DMS-EPSRC: Stability Analysis for Nonlinear Partial Differential Equations across Multiscale Applications

Nonlinear partial differential equations (NPDEs) are at the heart of many scientific advances, with both length scales ranging from sub-atomic to astronomical and timescales ranging from picoseconds to millennia. Stability analysis is crucial in all aspects of NPDEs and their applications in Science and Engineering, but has grand challenges.

For instance, when a planar shock hits a wedge head on, a self-similar reflected shock moves outward as the original shock moves forward in time. The complexity of shock reflection-diffraction configurations was reported by Ernst Mach in 1878, and later experimental, computational, and asymptotic analysis has shown that various patterns of reflected-diffracted shocks may occur. Most fundamental issues for shock reflection-diffraction have not been understood. The global existence and stability of shock reflection-diffraction solutions in the framework of the compressible Euler system and the potential flow equation, widely used in Aerodynamics, will be a definite mathematical answer.

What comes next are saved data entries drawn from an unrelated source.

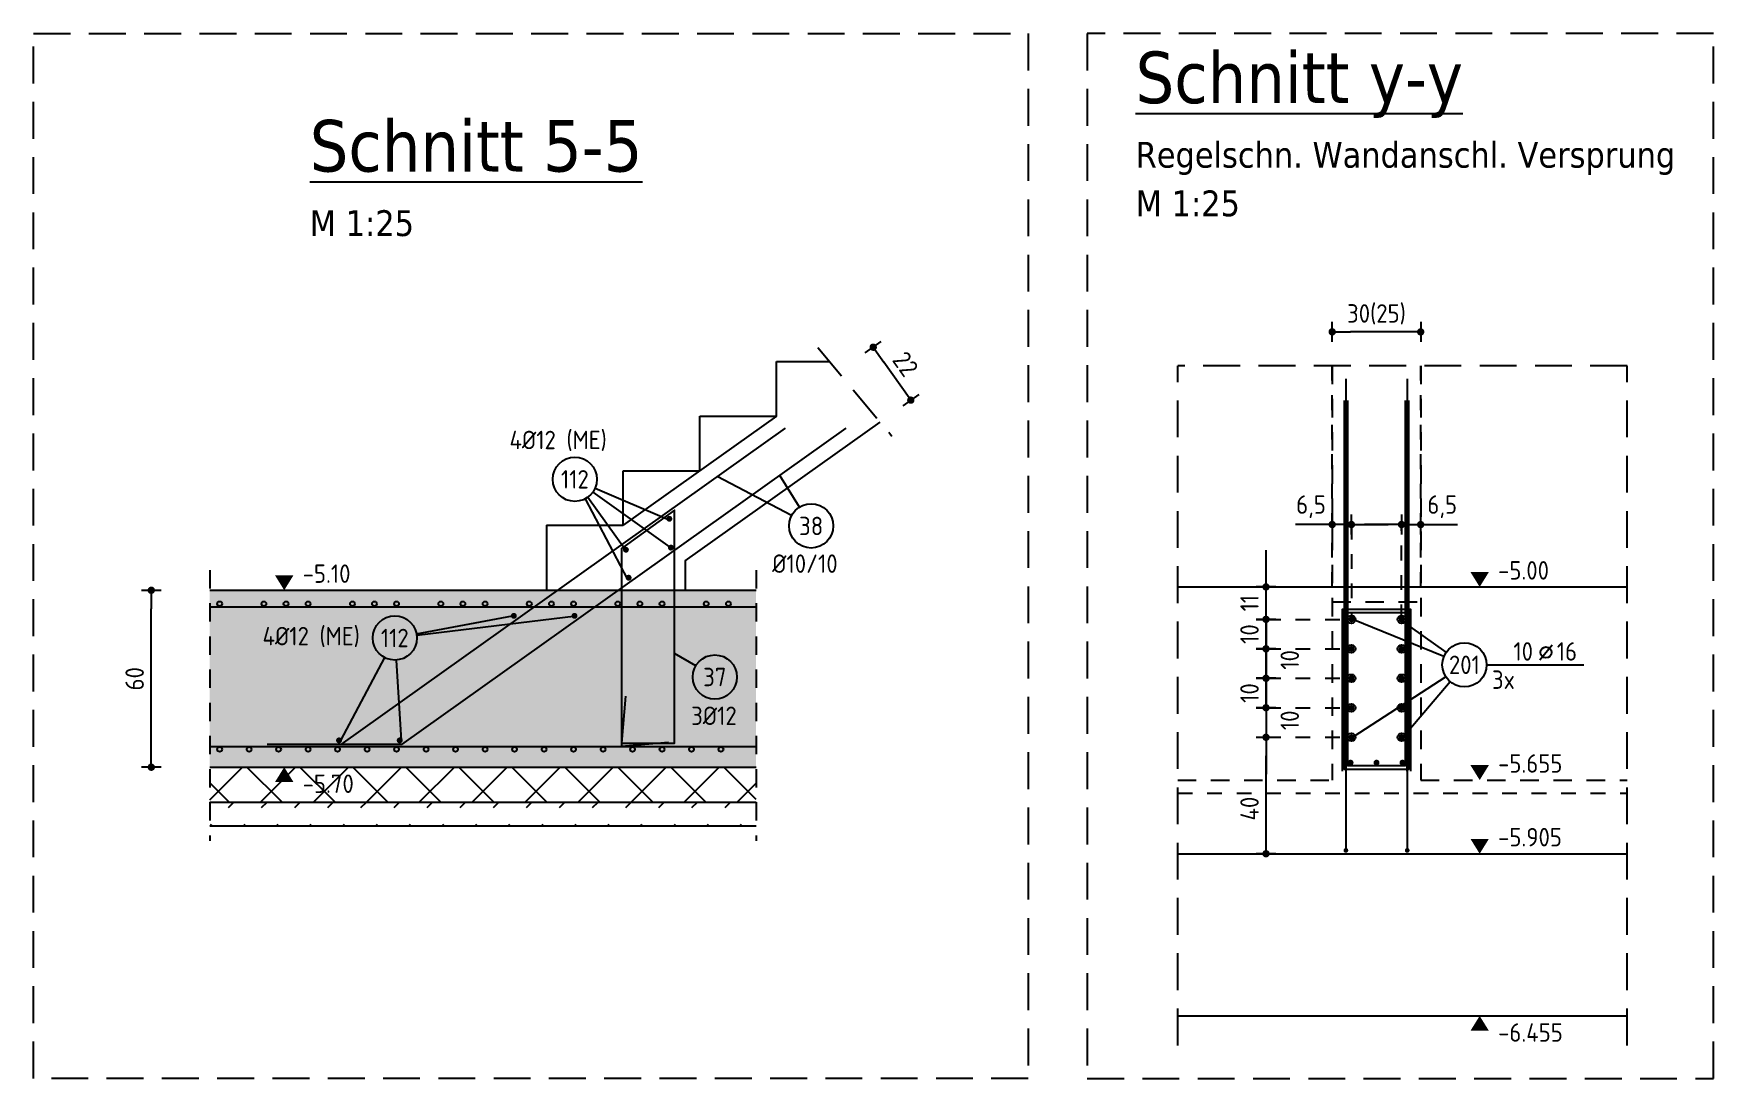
# Model space of a CAD drawing. Extents: x -59 to 99, y -34 to 56.
# Drawn here: x 18.81 to 30.2, y 0.47 to 7.56 of the extents above; entities that cross this region are included whole.
import ezdxf
from ezdxf.enums import TextEntityAlignment as Align

# ---------------------------------------------------------------- set-up
doc = ezdxf.new("R2010")
doc.units = 0
doc.header["$LTSCALE"] = 0.5
for name, pattern in [('AUSGEZOGEN', [1000.01, 1000, 0.01]), ('DASHED', [0.75, 0.5, -0.25]), ('DOT', [0.175, 0.05, -0.125]), ('HIDDEN', [0.375, 0.25, -0.125]), ('PUNKT', [0.175, 0.05, -0.125]), ('STRICHLINIE', [0.75, 0.5, -0.25]), ('VERDECKT', [0.375, 0.25, -0.125])]:
    doc.linetypes.add(name, pattern=pattern)
for name, color, linetype in [('AFU', 7, 'Continuous'), ('BETON', 7, 'Continuous'), ('DETAIL', 7, 'Continuous'), ('DRUEBER', 7, 'Continuous'), ('grau_mittel', 7, 'Continuous'), ('HILFE', 7, 'Continuous'), ('koten', 7, 'Continuous'), ('MASSE', 7, 'Continuous'), ('RND', 7, 'Continuous'), ('RND-1', 7, 'Continuous'), ('SFP_Dämmung', 7, 'Continuous'), ('SFP_Hilfe', 7, 'Continuous'), ('TEXT', 7, 'Continuous'), ('VERDECKT', 7, 'Continuous')]:
    doc.layers.add(name, color=color, linetype=linetype)
doc.layers.add('NOPLOT', color=7, linetype='Continuous', plot=False)
doc.styles.add('helv', font='tahoma.ttf')
doc.styles.add('txt', font='isocp.shx')
doc.linetypes.add('AFU_50M', pattern='A,0.45,["/",Standard,S=0.2,R=0,X=-0.01,Y=-0.1],0.07,["/",Standard,S=0.2,R=0,X=-0.01,Y=-0.1],0.45', length=0.97)
doc.dimstyles.new('DOT_I', dxfattribs={"dimscale": 0.5, "dimtxt": 0.25, "dimasz": 0.25, "dimexe": 0.1, "dimexo": 0.3, "dimgap": 0.1, "dimtad": 1, "dimdec": 3, "dimzin": 3, "dimtxsty": 'txt', "dimblk": 'DOT', "dimblk1": 'DOT', "dimblk2": 'DOT', "dimsah": 1, "dimcen": 0.1, "dimse1": 1, "dimse2": 1, "dimazin": 0, "dimtfac": 1, "dimtdec": 4, "dimtix": 1, "dimtmove": 2, "dimatfit": 3, "dimfxl": 0, "dimtvp": 1, "dimtolj": 1, "dimtzin": 0, "dimarcsym": 0})

# ---------------------------------------------------------------- blocks, each defined once
blk = doc.blocks.new('DOT')
at = {"layer": 'MASSE', "color": 7, "linetype": 'Continuous'}
for p, q in [((0, 0), (-1, 0)), ((0, 0.54), (0, -0.54))]:
    blk.add_line(p, q, dxfattribs=at)
at = {"layer": 'MASSE', "color": 7, "linetype": 'Continuous', "const_width": 0.2}
blk.add_lwpolyline([(-0.1, 0, 1), (0.1, 0, 1)], format="xyb", close=True, dxfattribs=at)
blk = doc.blocks.new('*D83')
at = {"layer": 'Defpoints', "color": 0, "linetype": 'AUSGEZOGEN', "transparency": 16777216}
for p in [(24.504, 5.429), (24.504, 5.429), (24.759, 5.07)]:
    blk.add_point(p, dxfattribs=at)
at = {"layer": 'MASSE', "color": 0, "linetype": 'AUSGEZOGEN', "lineweight": -2, "transparency": 16777216}
blk.add_line((24.687, 5.172), (24.577, 5.327), dxfattribs=at)
at = {"layer": 'MASSE', "color": 0, "linetype": 'AUSGEZOGEN', "lineweight": -2, "transparency": 16777216, "xscale": 0.125, "yscale": 0.125, "zscale": 0.125}
for p, rotation in [((24.504, 5.429), 125.4603968869775), ((24.759, 5.07), 305.4603968869775)]:
    blk.add_blockref('DOT', p, dxfattribs=dict(at, rotation=rotation))
at = {"layer": 'MASSE', "color": 0, "linetype": 'AUSGEZOGEN', "transparency": 16777216, "insert": (24.723, 5.315), "char_height": 0.125, "attachment_point": 5, "rotation": 305.4604, "style": 'txt'}
blk.add_mtext('\\A1;22', dxfattribs=at)
blk = doc.blocks.new('okrd_u')
at = {"layer": 'koten', "color": 7, "linetype": 'Continuous'}
blk.add_solid([(-0.125, -0.202), (0.125, -0.202), (0, 0)], dxfattribs=at)
at = {"layer": 'koten', "style": 'txt'}
blk.add_attdef('OKRD', (0.25, -0.35), '', height=0.25, dxfattribs=at)
blk = doc.blocks.new('okrd_o')
at = {"layer": 'koten', "color": 7, "linetype": 'Continuous'}
blk.add_solid([(-0.125, 0.202), (0.125, 0.202), (0, 0)], dxfattribs=at)
at = {"layer": 'koten', "style": 'txt'}
blk.add_attdef('OKRD', (0.25, 0.1), '', height=0.25, dxfattribs=at)
blk = doc.blocks.new('RND_HIN')
at = {"layer": 'RND', "color": 7, "linetype": 'Continuous'}
blk.add_circle((0, 0), 0.3, dxfattribs=at)
at = {"layer": 'RND', "color": 7, "linetype": 'Continuous', "style": 'txt'}
blk.add_attdef('POSI', text='', height=0.25, dxfattribs=at).set_placement((0, 0), align=Align.MIDDLE)
blk = doc.blocks.new('*D84')
at = {"layer": 'Defpoints', "color": 0, "linetype": 'AUSGEZOGEN', "transparency": 16777216}
for p in [(19.608, 3.78), (19.608, 3.78), (19.608, 2.58)]:
    blk.add_point(p, dxfattribs=at)
at = {"layer": 'MASSE', "color": 0, "linetype": 'AUSGEZOGEN', "lineweight": -2, "transparency": 16777216}
blk.add_line((19.608, 2.705), (19.608, 3.655), dxfattribs=at)
at = {"layer": 'MASSE', "color": 0, "linetype": 'AUSGEZOGEN', "lineweight": -2, "transparency": 16777216, "xscale": 0.125, "yscale": 0.125, "zscale": 0.125}
for p, rotation in [((19.608, 3.78), 90), ((19.608, 2.58), 270)]:
    blk.add_blockref('DOT', p, dxfattribs=dict(at, rotation=rotation))
at = {"layer": 'MASSE', "color": 0, "linetype": 'AUSGEZOGEN', "transparency": 16777216, "insert": (19.495, 3.18), "char_height": 0.125, "attachment_point": 5, "rotation": 90, "style": 'txt'}
blk.add_mtext('\\A1;60', dxfattribs=at)
blk = doc.blocks.new('*D133')
at = {"layer": 'Defpoints', "color": 0, "linetype": 'AUSGEZOGEN', "transparency": 16777216}
for p in [(27.168, 3.803), (27.168, 3.803), (27.168, 3.583)]:
    blk.add_point(p, dxfattribs=at)
at = {"layer": 'MASSE', "color": 0, "linetype": 'AUSGEZOGEN', "lineweight": -2, "transparency": 16777216}
for p, q in [((27.168, 3.928), (27.168, 4.053)), ((27.168, 3.583), (27.168, 3.803)), ((27.168, 3.458), (27.168, 3.333))]:
    blk.add_line(p, q, dxfattribs=at)
at = {"layer": 'MASSE', "color": 0, "linetype": 'AUSGEZOGEN', "lineweight": -2, "transparency": 16777216, "xscale": 0.125, "yscale": 0.125, "zscale": 0.125}
for p, rotation in [((27.168, 3.803), 270), ((27.168, 3.583), 90)]:
    blk.add_blockref('DOT', p, dxfattribs=dict(at, rotation=rotation))
at = {"layer": 'MASSE', "color": 0, "linetype": 'AUSGEZOGEN', "transparency": 16777216, "insert": (27.056, 3.693), "char_height": 0.125, "attachment_point": 5, "rotation": 90, "style": 'txt'}
blk.add_mtext('\\A1;11', dxfattribs=at)
blk = doc.blocks.new('*D134')
at = {"layer": 'Defpoints', "color": 0, "linetype": 'AUSGEZOGEN', "transparency": 16777216}
for p in [(27.168, 3.583), (27.168, 3.383), (27.168, 3.383)]:
    blk.add_point(p, dxfattribs=at)
at = {"layer": 'MASSE', "color": 0, "linetype": 'AUSGEZOGEN', "lineweight": -2, "transparency": 16777216}
for p, q in [((27.168, 3.708), (27.168, 3.833)), ((27.168, 3.583), (27.168, 3.383)), ((27.168, 3.258), (27.168, 3.133))]:
    blk.add_line(p, q, dxfattribs=at)
at = {"layer": 'MASSE', "color": 0, "linetype": 'AUSGEZOGEN', "lineweight": -2, "transparency": 16777216, "xscale": 0.125, "yscale": 0.125, "zscale": 0.125}
for p, rotation in [((27.168, 3.583), 270), ((27.168, 3.383), 90)]:
    blk.add_blockref('DOT', p, dxfattribs=dict(at, rotation=rotation))
at = {"layer": 'MASSE', "color": 0, "linetype": 'AUSGEZOGEN', "transparency": 16777216, "insert": (27.056, 3.483), "char_height": 0.125, "attachment_point": 5, "rotation": 90, "style": 'txt'}
blk.add_mtext('\\A1;10', dxfattribs=at)
blk = doc.blocks.new('*D135')
at = {"layer": 'Defpoints', "color": 0, "linetype": 'AUSGEZOGEN', "transparency": 16777216}
for p in [(27.168, 3.383), (27.168, 3.183), (27.168, 3.183)]:
    blk.add_point(p, dxfattribs=at)
at = {"layer": 'MASSE', "color": 0, "linetype": 'AUSGEZOGEN', "lineweight": -2, "transparency": 16777216}
for p, q in [((27.168, 3.508), (27.168, 3.633)), ((27.168, 3.383), (27.168, 3.183)), ((27.168, 3.058), (27.168, 2.933))]:
    blk.add_line(p, q, dxfattribs=at)
at = {"layer": 'MASSE', "color": 0, "linetype": 'AUSGEZOGEN', "lineweight": -2, "transparency": 16777216, "xscale": 0.125, "yscale": 0.125, "zscale": 0.125}
for p, rotation in [((27.168, 3.383), 270), ((27.168, 3.183), 90)]:
    blk.add_blockref('DOT', p, dxfattribs=dict(at, rotation=rotation))
at = {"layer": 'MASSE', "color": 0, "linetype": 'AUSGEZOGEN', "transparency": 16777216, "insert": (27.329, 3.308), "char_height": 0.125, "attachment_point": 5, "rotation": 90, "style": 'txt'}
blk.add_mtext('\\A1;10', dxfattribs=at)
blk = doc.blocks.new('*D136')
at = {"layer": 'Defpoints', "color": 0, "linetype": 'AUSGEZOGEN', "transparency": 16777216}
for p in [(27.168, 3.183), (27.168, 2.983), (27.168, 2.983)]:
    blk.add_point(p, dxfattribs=at)
at = {"layer": 'MASSE', "color": 0, "linetype": 'AUSGEZOGEN', "lineweight": -2, "transparency": 16777216}
for p, q in [((27.168, 3.308), (27.168, 3.433)), ((27.168, 3.183), (27.168, 2.983)), ((27.168, 2.858), (27.168, 2.733))]:
    blk.add_line(p, q, dxfattribs=at)
at = {"layer": 'MASSE', "color": 0, "linetype": 'AUSGEZOGEN', "lineweight": -2, "transparency": 16777216, "xscale": 0.125, "yscale": 0.125, "zscale": 0.125}
for p, rotation in [((27.168, 3.183), 270), ((27.168, 2.983), 90)]:
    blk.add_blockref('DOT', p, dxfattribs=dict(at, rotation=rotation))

Another example arises in the analysis of mean field limits, a powerful tool in applied analysis introduced to bridge microscopic and macroscopic descriptions of many body systems. They typically involve a huge number of individuals (particles), such as gas molecules in the upper atmosphere, from which we want to extract macroscopic information. Multi-agent systems have become more popular than ever. In addition to their new classical applications in Physics, they are widely used in Biology, Economy, Finance, and even Social Sciences. One key question is how this complexity is reduced by quantifying the stability of the mean field limit and/or their hydrodynamic approximations.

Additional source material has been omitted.